With AICPA saying 1,100 advisors attended its financial planning conference this past week, the importance of CPA financial planners to the financial planning profession is self-evident, as is the unrealistic and ill-advised position of the Financial Planning Coalition on how best to protect consumers and regulate the financial advice business.
The 30% growth in attendees at the AICPA conference, which stands in stark contrast to the falling attendance in recent years at FPA’s annual meetings, highlights the need for a broader vision of the profession from the Financial Planning Coalition (FPC).
With a new Congress now in session and the Consumer Financial Protection Bureau preparing to consider ways to implement the 2010 Dodd-Frank legislation regulating the financial advice business, CFPs are being represented by the FPC—a coalition of CFP Board, Financial Planning Association (FPA), and the National Association of Personal Financial Advisors (NAPFA). But is the FPC serving CFPs and consumers well by pursuing a separate bid with CFPB for regulation the advice profession instead of creating a broader coalition with other professional designations?
The CFPB is a federal super-agency created by 2010's Dodd Frank legislation to oversee regulation of the U.S. financial services industry. President Obama today re-nominated former Ohio Attorney General Richard to lead the CFPB. With President Obama elected three months ago to a second term, CFPB and the administration is gearing up to make crucial decisions about how RIAs and registered reps will be regulated. Postponed for the last two years, the long-awaited decision on the regulation of RIAs and registered reps is likely to be decied in 2013 or 2014.
Financial Planning Coalition is unilaterally pursuing its own path with CFPB to create a regulatory framework for financial planners. CFP Board recently made several recommendations to the CFPB, including the establishment of a ratings system for senior-oriented financial services designations. The Coalition would like to make CFP Board the self-regulatory body of financial planners.
However, CFPs must ask themselves: Would any regulatory bid that does not include a broader coalition of professional designations—Chartered Financial Analysts (CFAs), CPA Personal Financial Specialists (CPA/PFSs), Certified Life Underwriters (CLUs), Chartered Financial Consultants (ChFCs), Certified Private Wealth Advisors (CPWAs), and Certified Investment Management Analysts (CIMAs)—serve consumers’ best interests?
Does it serve the profession well?
Wouldn’t a broader coalition of professional bodies carry more weight with regulators and provide a better regulatory solution to consumers?

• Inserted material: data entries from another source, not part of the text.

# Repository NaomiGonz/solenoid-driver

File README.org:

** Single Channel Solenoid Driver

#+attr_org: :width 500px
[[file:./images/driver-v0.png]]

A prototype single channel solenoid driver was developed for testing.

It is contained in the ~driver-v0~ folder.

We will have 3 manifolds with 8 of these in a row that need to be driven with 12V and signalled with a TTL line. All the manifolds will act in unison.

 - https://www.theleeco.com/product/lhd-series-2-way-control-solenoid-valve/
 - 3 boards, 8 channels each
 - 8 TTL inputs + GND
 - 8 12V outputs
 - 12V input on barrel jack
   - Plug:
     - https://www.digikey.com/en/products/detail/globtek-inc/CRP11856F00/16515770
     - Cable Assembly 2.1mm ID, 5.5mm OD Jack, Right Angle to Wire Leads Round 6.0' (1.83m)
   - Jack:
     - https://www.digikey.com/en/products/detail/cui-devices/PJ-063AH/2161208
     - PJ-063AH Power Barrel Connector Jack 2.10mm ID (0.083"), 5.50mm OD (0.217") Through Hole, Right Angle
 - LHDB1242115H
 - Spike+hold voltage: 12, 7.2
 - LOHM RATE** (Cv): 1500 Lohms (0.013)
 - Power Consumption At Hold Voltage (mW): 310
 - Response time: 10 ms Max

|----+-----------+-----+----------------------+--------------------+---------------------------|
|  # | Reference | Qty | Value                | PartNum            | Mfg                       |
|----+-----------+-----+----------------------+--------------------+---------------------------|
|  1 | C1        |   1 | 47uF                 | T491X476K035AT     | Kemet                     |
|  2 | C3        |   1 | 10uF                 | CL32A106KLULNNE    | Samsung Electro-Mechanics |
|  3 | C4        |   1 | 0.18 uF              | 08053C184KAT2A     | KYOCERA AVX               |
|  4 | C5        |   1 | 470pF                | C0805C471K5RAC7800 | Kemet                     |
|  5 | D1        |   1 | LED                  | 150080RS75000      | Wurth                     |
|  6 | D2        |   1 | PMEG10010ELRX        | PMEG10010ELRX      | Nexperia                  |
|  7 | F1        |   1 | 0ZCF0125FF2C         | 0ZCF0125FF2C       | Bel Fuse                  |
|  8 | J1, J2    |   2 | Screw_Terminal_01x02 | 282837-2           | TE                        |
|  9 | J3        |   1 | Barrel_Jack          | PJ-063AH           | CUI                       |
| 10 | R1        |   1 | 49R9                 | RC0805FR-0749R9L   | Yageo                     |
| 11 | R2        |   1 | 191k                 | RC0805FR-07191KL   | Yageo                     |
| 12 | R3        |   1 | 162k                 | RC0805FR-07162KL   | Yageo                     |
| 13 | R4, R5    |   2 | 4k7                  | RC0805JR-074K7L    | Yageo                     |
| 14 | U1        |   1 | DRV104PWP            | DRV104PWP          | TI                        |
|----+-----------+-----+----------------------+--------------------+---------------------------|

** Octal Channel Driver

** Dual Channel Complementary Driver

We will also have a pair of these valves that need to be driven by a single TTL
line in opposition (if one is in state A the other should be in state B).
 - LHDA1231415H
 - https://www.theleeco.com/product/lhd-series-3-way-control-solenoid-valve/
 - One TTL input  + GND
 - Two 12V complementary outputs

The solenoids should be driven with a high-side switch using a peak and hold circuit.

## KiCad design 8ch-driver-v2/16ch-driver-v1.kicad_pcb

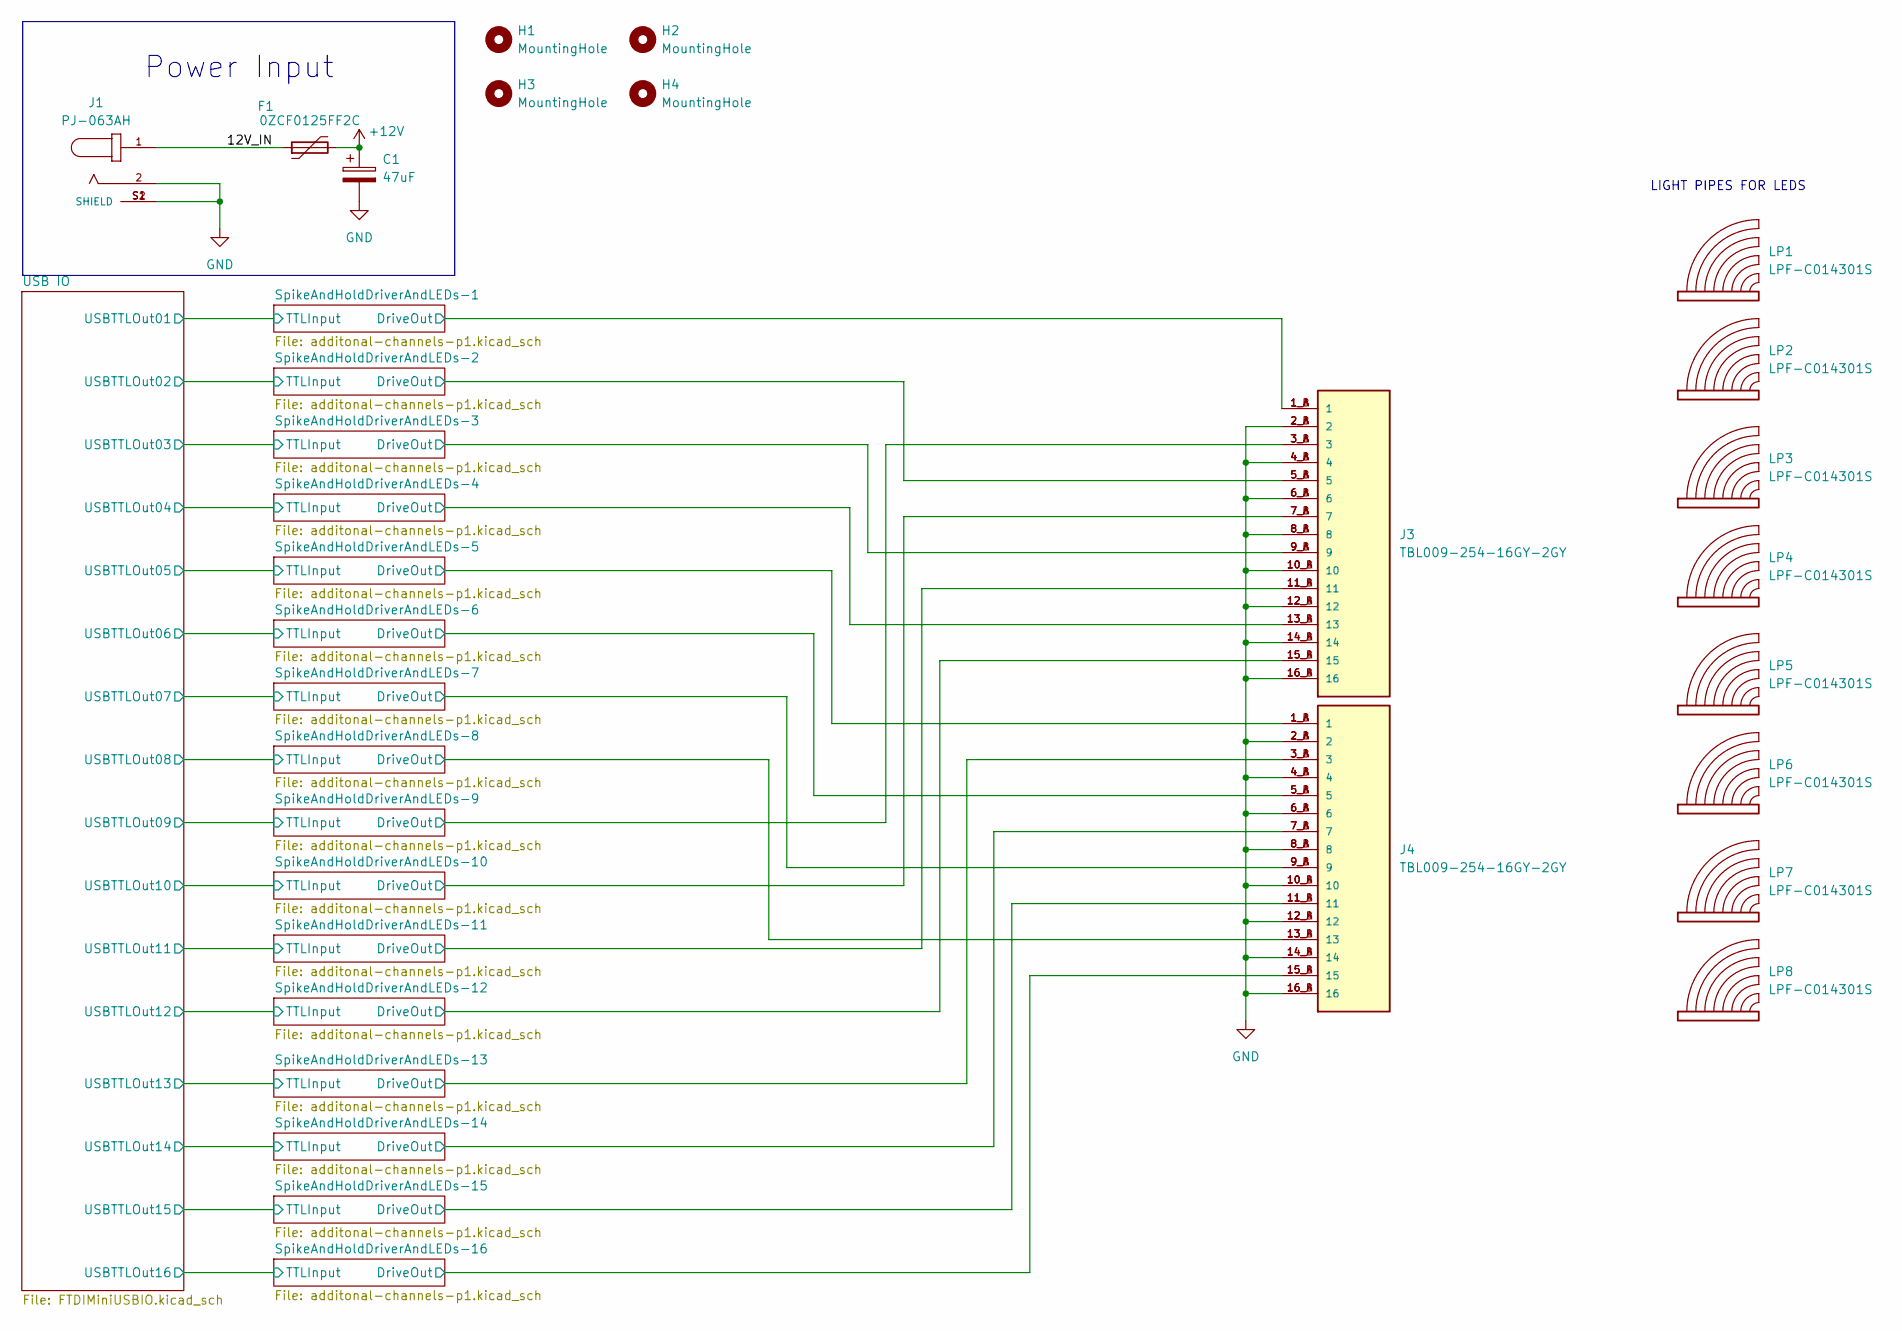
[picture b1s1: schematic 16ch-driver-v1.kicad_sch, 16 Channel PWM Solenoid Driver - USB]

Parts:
C1: 47uF; CP_EIA-7343-43_Kemet-X_Pad2.25x2.55mm_HandSolder; PartNum T491X476K035AT
F1: 0ZCF0125FF2C; Fuse_2920_7451Metric; PartNum 0ZCF0125FF2C
H1, H2, H3, H4: MountingHole; MountingHole_3.2mm_M3
J1: PJ-063AH; CUI_PJ-063AH; PARTREV 1.02
J3, J4: TBL009-254-16GY-2GY; CUI_TBL009-254-16GY-2GY
LP1, LP2, LP3, LP4, LP5, LP6, LP7, LP8: LPF-C014301S; Lightpipe_LPF-C014301S

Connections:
+12V: C1.1, F1.2; also elsewhere on the board
/12V_IN: F1.1, J1.1
/SpikeAndHoldDriverAndLEDs-1/DriveOut: J3.1_A (1), J3.1_B (1); also elsewhere on the board
/SpikeAndHoldDriverAndLEDs-2/DriveOut: J3.5_A (5), J3.5_B (5); also elsewhere on the board
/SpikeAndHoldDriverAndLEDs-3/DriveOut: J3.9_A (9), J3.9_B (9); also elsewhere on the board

At 1,100 attendees, the AICPA conference this past week attracted half the 2,000 advisors who reportedly attended the FPA annual meeting in September 2012, and attendance is likely to grow again next year as more of the nation’s 380,000 CPAs specialize in advising clients on personal finance as fiduciaries. The influence CPAs have on financial planning professionals and the nation’s 67,000 CFPs is thus likely to grow in the years ahead.
Meanwhile, CFA Institute, which has 50,000 U.S. Charterholders and is widely accepted as the global standard-setting body for investment advisers to high-net-worth individuals, is experiencing an explosion in the growth of its private wealth advice division. Since the Global Settlement of 2003, Wall Street analysts have been driven toward advising individuals. A third of all CFAs advise individuals now and that number is growing by about 2,500 a year. In addition, Investment Management Consultants Association (IMCA), another accreditation body for financial professionals with about 8,800 designees, is experiencing about 5% annual growth in its CIMA and CPWA designations.
The Financial Planning Coalition—to truly represent financial planners—must broaden its perspective and work with other professional designations. To pursue its own path is unrealistic and self-serving.
While the CFP Board and the Financial Planning Coalition rightly say the CFP sets the standard of excellence in providing comprehensive financial planning advice, CFPs don’t make their money on financial planning. They make their money on investment advice. So saying the CFPs are better advisors to individuals on personal finance matters is disingenuous and does not befit a group that claims it wants to do what is the best interest of consumers.
To promote competition and advance turn the financial advice business into a profession, the Financial Planning Coalition must be a real coalition and represent a broader swath of financial advice designations than just CFPs.